◆ Data entries:
....
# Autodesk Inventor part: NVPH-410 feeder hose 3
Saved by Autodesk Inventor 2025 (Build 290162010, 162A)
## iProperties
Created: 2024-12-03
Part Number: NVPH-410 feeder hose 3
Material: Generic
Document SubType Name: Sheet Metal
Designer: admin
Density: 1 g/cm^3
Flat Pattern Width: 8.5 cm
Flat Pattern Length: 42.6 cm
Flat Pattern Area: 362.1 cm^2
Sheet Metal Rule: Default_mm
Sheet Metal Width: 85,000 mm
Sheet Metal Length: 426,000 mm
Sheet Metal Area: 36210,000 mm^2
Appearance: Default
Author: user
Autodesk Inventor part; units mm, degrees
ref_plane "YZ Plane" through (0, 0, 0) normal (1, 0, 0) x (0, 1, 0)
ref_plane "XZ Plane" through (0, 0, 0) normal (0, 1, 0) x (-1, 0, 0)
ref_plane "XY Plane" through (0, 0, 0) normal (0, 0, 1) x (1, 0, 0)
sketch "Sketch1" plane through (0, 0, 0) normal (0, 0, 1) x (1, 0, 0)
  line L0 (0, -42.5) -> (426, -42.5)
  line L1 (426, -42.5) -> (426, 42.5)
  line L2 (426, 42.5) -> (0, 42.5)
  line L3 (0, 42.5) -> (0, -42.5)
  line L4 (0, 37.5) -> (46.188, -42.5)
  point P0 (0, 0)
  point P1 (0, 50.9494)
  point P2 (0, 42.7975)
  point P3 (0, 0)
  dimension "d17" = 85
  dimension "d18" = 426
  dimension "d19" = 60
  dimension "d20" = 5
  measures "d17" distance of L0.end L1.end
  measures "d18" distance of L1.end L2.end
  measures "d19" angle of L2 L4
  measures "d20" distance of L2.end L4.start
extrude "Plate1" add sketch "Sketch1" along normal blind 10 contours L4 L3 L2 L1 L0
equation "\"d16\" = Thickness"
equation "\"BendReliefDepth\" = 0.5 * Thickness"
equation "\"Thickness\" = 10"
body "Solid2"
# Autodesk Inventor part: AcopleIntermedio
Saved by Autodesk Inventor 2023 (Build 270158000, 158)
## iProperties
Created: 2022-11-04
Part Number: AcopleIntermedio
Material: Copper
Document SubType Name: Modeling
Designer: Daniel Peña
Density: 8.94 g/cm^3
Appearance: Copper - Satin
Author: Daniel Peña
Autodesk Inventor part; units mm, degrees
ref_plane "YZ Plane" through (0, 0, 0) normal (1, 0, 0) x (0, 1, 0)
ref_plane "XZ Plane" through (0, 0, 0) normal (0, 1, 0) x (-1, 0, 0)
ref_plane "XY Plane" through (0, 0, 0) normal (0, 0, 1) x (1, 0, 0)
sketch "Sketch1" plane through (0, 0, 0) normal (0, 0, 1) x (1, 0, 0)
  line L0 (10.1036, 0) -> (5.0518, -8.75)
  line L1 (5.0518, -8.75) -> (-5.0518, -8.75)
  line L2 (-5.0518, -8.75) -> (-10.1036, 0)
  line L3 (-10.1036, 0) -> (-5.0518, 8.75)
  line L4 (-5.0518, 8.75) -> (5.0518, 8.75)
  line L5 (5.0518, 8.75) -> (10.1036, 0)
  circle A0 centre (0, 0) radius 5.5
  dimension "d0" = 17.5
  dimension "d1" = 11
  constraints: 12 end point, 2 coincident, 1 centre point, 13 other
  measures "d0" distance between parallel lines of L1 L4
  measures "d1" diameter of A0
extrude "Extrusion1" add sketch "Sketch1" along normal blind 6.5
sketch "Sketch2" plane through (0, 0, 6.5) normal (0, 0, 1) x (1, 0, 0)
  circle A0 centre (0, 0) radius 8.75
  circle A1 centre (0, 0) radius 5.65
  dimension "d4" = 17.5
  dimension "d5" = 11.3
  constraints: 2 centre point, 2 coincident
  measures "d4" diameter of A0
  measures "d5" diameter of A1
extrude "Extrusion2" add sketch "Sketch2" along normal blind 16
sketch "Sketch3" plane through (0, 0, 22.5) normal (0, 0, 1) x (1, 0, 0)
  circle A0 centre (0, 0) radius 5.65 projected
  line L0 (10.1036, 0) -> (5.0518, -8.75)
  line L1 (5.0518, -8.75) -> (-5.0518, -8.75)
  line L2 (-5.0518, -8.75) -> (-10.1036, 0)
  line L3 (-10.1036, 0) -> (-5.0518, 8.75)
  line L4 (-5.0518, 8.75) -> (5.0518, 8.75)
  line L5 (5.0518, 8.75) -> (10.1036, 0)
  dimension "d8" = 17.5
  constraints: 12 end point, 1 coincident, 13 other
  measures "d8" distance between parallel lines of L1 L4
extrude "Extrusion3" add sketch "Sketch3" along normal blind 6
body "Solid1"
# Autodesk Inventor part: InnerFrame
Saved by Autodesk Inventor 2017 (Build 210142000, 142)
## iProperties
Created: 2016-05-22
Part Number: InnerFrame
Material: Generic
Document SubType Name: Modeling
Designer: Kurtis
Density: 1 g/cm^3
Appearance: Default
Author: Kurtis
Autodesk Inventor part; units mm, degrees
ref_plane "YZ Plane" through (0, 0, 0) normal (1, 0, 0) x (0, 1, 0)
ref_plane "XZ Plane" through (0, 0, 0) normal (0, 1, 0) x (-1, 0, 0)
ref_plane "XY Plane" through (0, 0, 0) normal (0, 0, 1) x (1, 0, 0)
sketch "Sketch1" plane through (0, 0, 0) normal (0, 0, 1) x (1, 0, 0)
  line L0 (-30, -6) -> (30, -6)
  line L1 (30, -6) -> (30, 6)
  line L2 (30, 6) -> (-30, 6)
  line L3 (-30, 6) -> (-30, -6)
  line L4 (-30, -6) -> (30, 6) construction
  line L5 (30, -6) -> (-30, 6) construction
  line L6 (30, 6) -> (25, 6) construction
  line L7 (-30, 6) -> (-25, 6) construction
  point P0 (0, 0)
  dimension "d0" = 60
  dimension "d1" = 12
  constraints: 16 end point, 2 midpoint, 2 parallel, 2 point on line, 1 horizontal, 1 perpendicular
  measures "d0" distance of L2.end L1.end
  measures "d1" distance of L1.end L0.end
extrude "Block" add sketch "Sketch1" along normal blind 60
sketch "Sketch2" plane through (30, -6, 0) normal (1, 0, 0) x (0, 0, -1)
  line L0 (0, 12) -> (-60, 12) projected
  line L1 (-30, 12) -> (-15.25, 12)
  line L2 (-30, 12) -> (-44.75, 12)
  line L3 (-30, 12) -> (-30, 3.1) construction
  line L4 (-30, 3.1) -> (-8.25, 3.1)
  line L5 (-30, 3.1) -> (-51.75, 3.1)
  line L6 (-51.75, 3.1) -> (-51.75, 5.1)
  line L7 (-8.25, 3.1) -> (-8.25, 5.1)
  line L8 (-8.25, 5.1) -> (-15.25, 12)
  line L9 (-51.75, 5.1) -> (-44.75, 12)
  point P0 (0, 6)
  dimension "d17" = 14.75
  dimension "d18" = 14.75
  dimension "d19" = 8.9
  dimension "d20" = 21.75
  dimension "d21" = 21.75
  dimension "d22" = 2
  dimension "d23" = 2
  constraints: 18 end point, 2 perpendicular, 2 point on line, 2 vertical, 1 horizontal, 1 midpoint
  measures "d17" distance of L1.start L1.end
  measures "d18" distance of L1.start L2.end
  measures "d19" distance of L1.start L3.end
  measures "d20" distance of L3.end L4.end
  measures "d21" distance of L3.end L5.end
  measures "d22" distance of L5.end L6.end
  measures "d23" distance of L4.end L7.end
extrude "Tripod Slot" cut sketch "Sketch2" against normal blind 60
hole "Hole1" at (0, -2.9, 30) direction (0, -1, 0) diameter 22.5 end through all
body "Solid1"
....
◆ Assignment:
Could you copy every line from the records that has "Width" in it?

◆ Solution for this exercise:
Flat Pattern Width: 8.5 cm
Sheet Metal Width: 85,000 mm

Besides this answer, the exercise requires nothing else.